Decision forests, decision jungles, and boosted decision trees are all based on decision trees, a foundational machine learning concept that is less used. There are many variants of decision trees are there; nonetheless, they all do the same thing, which is subdividing the feature space into regions with the same label. In order to avoid the over-fitting problem, a large set of trees are constructed with mathematical and statistical formulations, where the trees are not correlated at all.
The average of this is referred to as a decision forest; which is a tree that avoids the overfitting problem as stated earlier. However, the disadvantage is that decision forests can use a lot of memory. Decision jungles, on the other hand, are a variant that consume less memory by sacrificing a slightly longer training time. Fortunately, the boosted decision trees avoid overfitting by limiting the number of subdivision and the number of permitted data points in each region.
When the experimental or sample dataset size is large, the Bayesian method often provides results for parametric models that are very similar to the results produced by other classical statistical methods.

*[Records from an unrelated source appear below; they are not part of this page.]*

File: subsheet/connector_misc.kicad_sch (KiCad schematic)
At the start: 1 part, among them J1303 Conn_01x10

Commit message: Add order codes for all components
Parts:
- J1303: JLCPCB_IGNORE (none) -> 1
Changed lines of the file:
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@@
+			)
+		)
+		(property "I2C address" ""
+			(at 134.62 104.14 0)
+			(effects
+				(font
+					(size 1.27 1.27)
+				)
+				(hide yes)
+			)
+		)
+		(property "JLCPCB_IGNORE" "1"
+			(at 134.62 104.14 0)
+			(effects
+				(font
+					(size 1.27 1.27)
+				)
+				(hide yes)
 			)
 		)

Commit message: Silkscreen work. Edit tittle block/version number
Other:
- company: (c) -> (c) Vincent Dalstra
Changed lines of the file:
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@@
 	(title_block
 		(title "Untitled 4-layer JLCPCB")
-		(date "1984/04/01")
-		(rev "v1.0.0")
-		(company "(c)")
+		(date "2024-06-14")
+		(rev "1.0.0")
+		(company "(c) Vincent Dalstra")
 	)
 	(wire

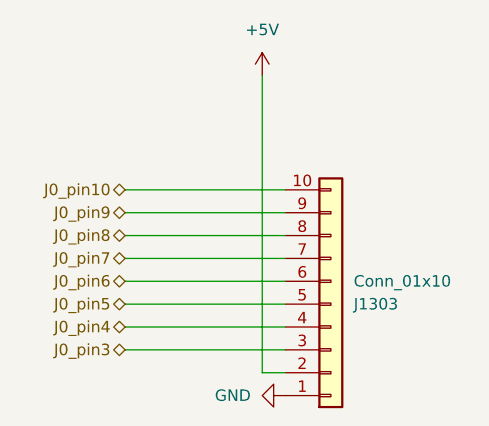
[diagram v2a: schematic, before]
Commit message: Move all subsheets into 'main' subsheet, below root
Keeping all the subsheets in a dedicated 'subsheet' folder makes things
much, much neater. However, specifying filepaths for subsheets has an
interesting problem; they use paths RELATIVE TO THE PARENT SHEET.

The consequence of is that if a subsheet is part of the root sheet, it
needs to be prefixed with 'subsheet/', but NOT if it's further down.
This inconsistency can be resolved by having a single 'main' sheet at
the top that doesn't move.

It's also useful to have a top-level space to put down changelogs,
descriptions etc.
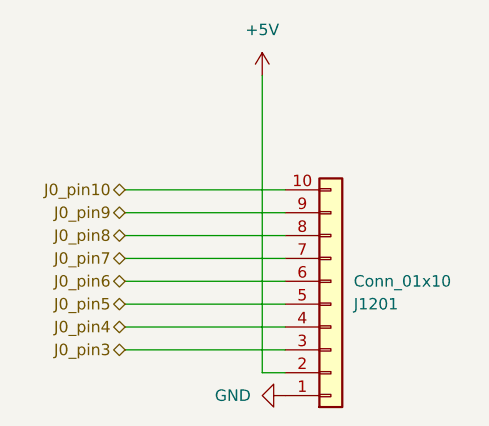
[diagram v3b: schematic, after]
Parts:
- renumbered J1303 to J1201
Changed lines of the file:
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@@
 		(shape bidirectional)
 		(at 111.76 93.98 180)
-		(fields_autoplaced yes)
 		(effects
 			(font
@@
 		(shape bidirectional)
 		(at 111.76 109.22 180)
-		(fields_autoplaced yes)
 		(effects
 			(font
@@
 		(shape bidirectional)
 		(at 111.76 96.52 180)
-		(fields_autoplaced yes)
 		(effects
 			(font
@@
 		(shape bidirectional)
 		(at 111.76 91.44 180)
-		(fields_autoplaced yes)
 		(effects
 			(font
@@
 		(shape bidirectional)
 		(at 111.76 101.6 180)
-		(fields_autoplaced yes)
 		(effects
 			(font
@@
 		(shape bidirectional)
 		(at 111.76 99.06 180)
-		(fields_autoplaced yes)
 		(effects
 			(font
@@
 		(shape bidirectional)
 		(at 111.76 104.14 180)
-		(fields_autoplaced yes)
 		(effects
 			(font
@@
 		(shape bidirectional)
 		(at 111.76 106.68 180)
-		(fields_autoplaced yes)
 		(effects
 			(font
@@
 		(dnp no)
 		(fields_autoplaced yes)
-		(property "Reference" "#PWR01307"
+		(property "Reference" "#PWR1201"
 			(at 127 82.55 0)
 			(effects
@@
 		(instances
 			(project "ESP_bare_chip_test_board"
-				(path "/45b6f84a-e69b-48be-a49b-bc68872e2c15/46d0c642-89b8-4065-a9ca-91ebde06cf7e"
-					(reference "#PWR01307")
+				(path "/45b6f84a-e69b-48be-a49b-bc68872e2c15/f48098a1-cacc-4192-b650-2a34a2ba76dc/23fb9360-5d8e-41d6-ba4b-d5d12818d2b1"
+					(reference "#PWR1201")
 					(unit 1)
 				)
@@
 		(on_board yes)
 		(dnp no)
-		(property "Reference" "J1303"
+		(property "Reference" "J1201"
 			(at 137.16 104.1401 0)
 			(effects
@@
 		(instances
 			(project "ESP_bare_chip_test_board"
-				(path "/45b6f84a-e69b-48be-a49b-bc68872e2c15/46d0c642-89b8-4065-a9ca-91ebde06cf7e"
-					(reference "J1303")
+				(path "/45b6f84a-e69b-48be-a49b-bc68872e2c15/f48098a1-cacc-4192-b650-2a34a2ba76dc/23fb9360-5d8e-41d6-ba4b-d5d12818d2b1"
+					(reference "J1201")
 					(unit 1)
 				)
@@
 		(on_board yes)
 		(dnp no)
-		(property "Reference" "#PWR01306"
+		(property "Reference" "#PWR1202"
 			(at 123.19 114.3 0)
 			(effects
@@
 		(instances
 			(project "ESP_bare_chip_test_board"
-				(path "/45b6f84a-e69b-48be-a49b-bc68872e2c15/46d0c642-89b8-4065-a9ca-91ebde06cf7e"
-					(reference "#PWR01306")
+				(path "/45b6f84a-e69b-48be-a49b-bc68872e2c15/f48098a1-cacc-4192-b650-2a34a2ba76dc/23fb9360-5d8e-41d6-ba4b-d5d12818d2b1"
+					(reference "#PWR1202")
 					(unit 1)
 				)
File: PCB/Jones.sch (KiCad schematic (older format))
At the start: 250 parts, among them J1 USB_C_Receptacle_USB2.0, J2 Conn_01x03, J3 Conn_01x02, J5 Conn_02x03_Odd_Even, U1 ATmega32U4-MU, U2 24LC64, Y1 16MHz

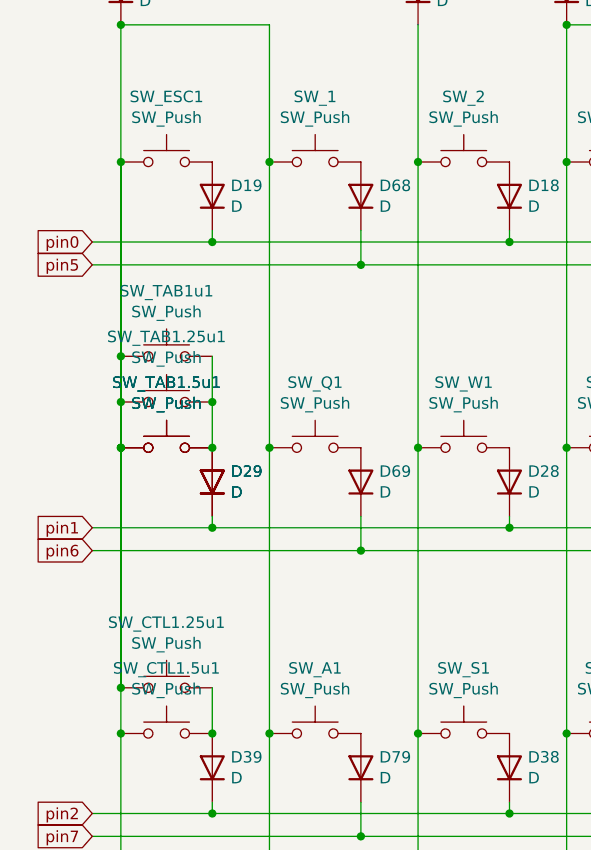
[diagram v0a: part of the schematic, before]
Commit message: issue レイアウト：40sキット対応 #29
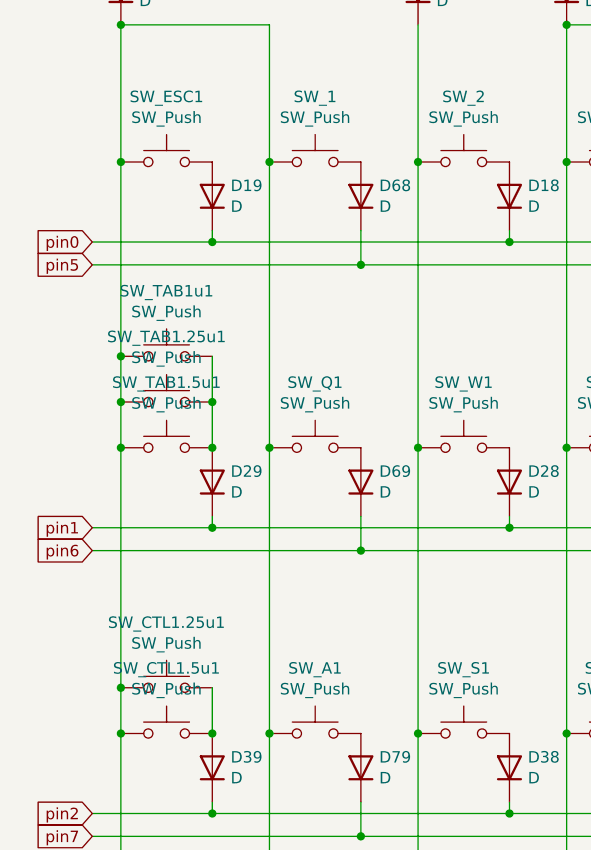
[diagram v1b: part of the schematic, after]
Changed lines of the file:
@@
 $EndComp
 $Comp
-L Device:D D29
-U 1 1 5F65B339
-P 1325 3475
-F 0 "D29" V 1371 3395 50  0000 R CNN
-F 1 "D" V 1280 3395 50  0000 R CNN
-F 2 "Diode_SMD:D_SOD-123" H 1325 3475 50  0001 C CNN
-F 3 "~" H 1325 3475 50  0001 C CNN
-F 4 "C81598" H 1325 3475 50  0001 C CNN "LCSC"
-	1    1325 3475
-	0    -1   -1   0
-$EndComp
-$Comp
 L Switch:SW_Push SW_Q1
 U 1 1 5F65B33F
@@
 	0    -1   -1   0
 $EndComp
-$Comp
-L Switch:SW_Push SW_TAB1.5u1
-U 1 1 5F65B333
-P 1125 3325
-F 0 "SW_TAB1.5u1" H 1125 3610 50  0000 C CNN
-F 1 "SW_Push" H 1125 3519 50  0000 C CNN
-F 2 "MX_Alps_Hybrid:MXOnly-1.5U-Hotswap-guide" H 1125 3525 50  0001 C CNN
-F 3 "~" H 1125 3525 50  0001 C CNN
-	1    1125 3325
-	1    0    0    -1
-$EndComp
 Wire Wire Line
 	925  1475 1575 1475
@@
 Wire Wire Line
 	800  2425 1325 2425
-Connection ~ 925  3325
 Wire Wire Line
 	800  3675 1325 3675
-Wire Wire Line
-	925  3325 925  4375
 Connection ~ 925  4375
 Connection ~ 925  4575
@@
 Text Notes 14450 3725 0    50   ~ 0
 Audio\nC4,5,6\nB5,6,7
-Wire Wire Line
-	925  2075 925  3325
 Connection ~ 925  2075
 $Comp

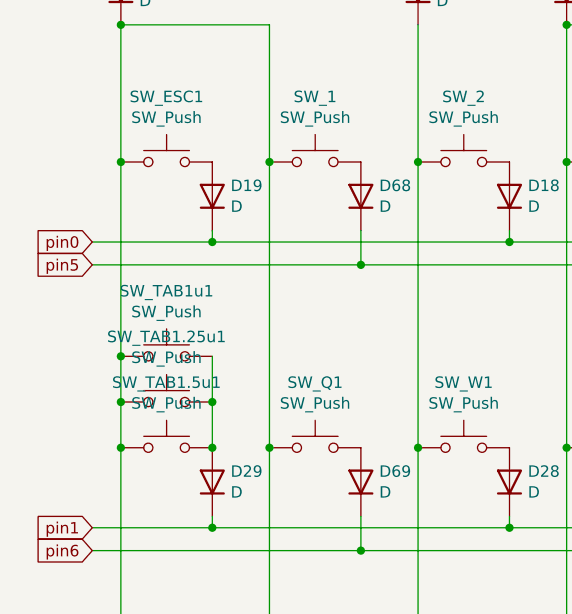
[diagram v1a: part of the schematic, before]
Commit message: Revert "Merge pull request #36 from jpskenn/dev_1.1_Add_40s_layout_#29"
This reverts commit ac7df7e95556fcbf06f35e39de5424a1bd39dfc1, reversing
changes made to 127994836709470240343b38cf9ba11c4b8eb1ff.
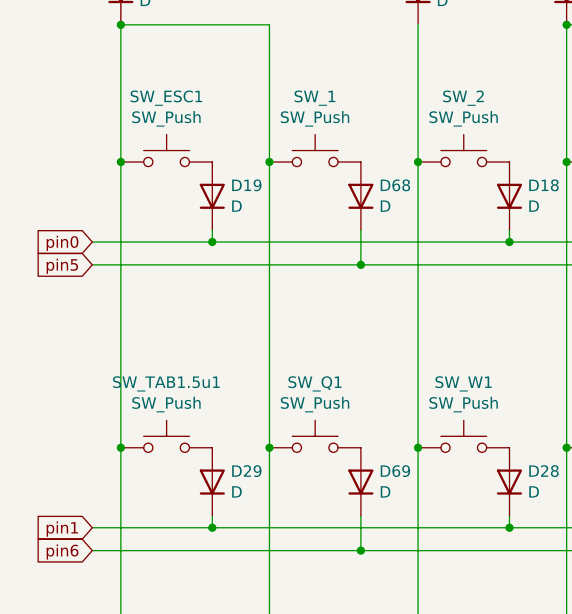
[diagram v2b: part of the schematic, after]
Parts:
- removed SW_TAB1.25u1: SW_Push, MX_Alps_Hybrid:MXOnly-1.25U-Hotswap-guide-Rotate, symbol Switch:SW_Push
- removed SW_TAB1u1: SW_Push, MX_Alps_Hybrid:MXOnly-1U-Hotswap-guide-4pin, symbol Switch:SW_Push
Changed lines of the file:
@@
 $EndComp
 $Comp
+L Device:D D29
+U 1 1 5F65B339
+P 1325 3475
+F 0 "D29" V 1371 3395 50  0000 R CNN
+F 1 "D" V 1280 3395 50  0000 R CNN
+F 2 "Diode_SMD:D_SOD-123" H 1325 3475 50  0001 C CNN
+F 3 "~" H 1325 3475 50  0001 C CNN
+F 4 "C81598" H 1325 3475 50  0001 C CNN "LCSC"
+	1    1325 3475
+	0    -1   -1   0
+$EndComp
+$Comp
 L Switch:SW_Push SW_Q1
 U 1 1 5F65B33F
@@
 	0    -1   -1   0
 $EndComp
+$Comp
+L Switch:SW_Push SW_TAB1.5u1
+U 1 1 5F65B333
+P 1125 3325
+F 0 "SW_TAB1.5u1" H 1125 3610 50  0000 C CNN
+F 1 "SW_Push" H 1125 3519 50  0000 C CNN
+F 2 "MX_Alps_Hybrid:MXOnly-1.5U-Hotswap-guide" H 1125 3525 50  0001 C CNN
+F 3 "~" H 1125 3525 50  0001 C CNN
+	1    1125 3325
+	1    0    0    -1
+$EndComp
 Wire Wire Line
 	925  1475 1575 1475
@@
 Wire Wire Line
 	800  2425 1325 2425
+Connection ~ 925  3325
 Wire Wire Line
 	800  3675 1325 3675
+Wire Wire Line
+	925  3325 925  4375
 Connection ~ 925  4375
 Connection ~ 925  4575
@@
 Text Notes 14450 3725 0    50   ~ 0
 Audio\nC4,5,6\nB5,6,7
+Wire Wire Line
+	925  2075 925  3325
 Connection ~ 925  2075
 $Comp
@@
 Wire Wire Line
 	14725 1575 14825 1575
-Wire Wire Line
-	925  2075 925  2925
-Wire Wire Line
-	925  3325 925  4375
-Connection ~ 925  3325
-$Comp
-L Switch:SW_Push SW_TAB1.5u1
-U 1 1 5F65B333
-P 1125 3325
-F 0 "SW_TAB1.5u1" H 1125 3610 50  0000 C CNN
-F 1 "SW_Push" H 1125 3519 50  0000 C CNN
-F 2 "MX_Alps_Hybrid:MXOnly-1.5U-Hotswap-guide" H 1125 3525 50  0001 C CNN
-F 3 "~" H 1125 3525 50  0001 C CNN
-	1    1125 3325
-	1    0    0    -1
-$EndComp
-$Comp
-L Device:D D29
-U 1 1 5F65B339
-P 1325 3475
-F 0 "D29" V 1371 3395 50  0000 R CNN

Some potential advantages of using the Bayesian method was summarized by Elam et al (W. T. Elam, B. Scruggs, F. Eggert, and J. A. Nicolosi, Advantages and Disadvantages of Methods for Obtaining XRF NET Intensities, Copyright ©JCPDS-International Centre for Diffraction Data 2011 ISSN 1097-0002). For example, it provides a natural way of combining prior information with data. Therefore, as a data scientist, you can incorporate that past information regarding the parameters and form a prior distribution for future analysis for new datasets. It also provides inferences that are conditional on the data without the need of asymptotic approximation of the algorithm.
It provides some suitable settings for a wide range of models, such as hierarchical models and missing data problems. There are also disadvantages of using Bayesian analysis. For example, it does not tell you how to select a prior over world models or even that there is no correct way to choose a prior. Therefore, if you do not proceed with caution, you might generate many false positive or false negative results that often come with a high computational cost, if the number of parameters in a model is large.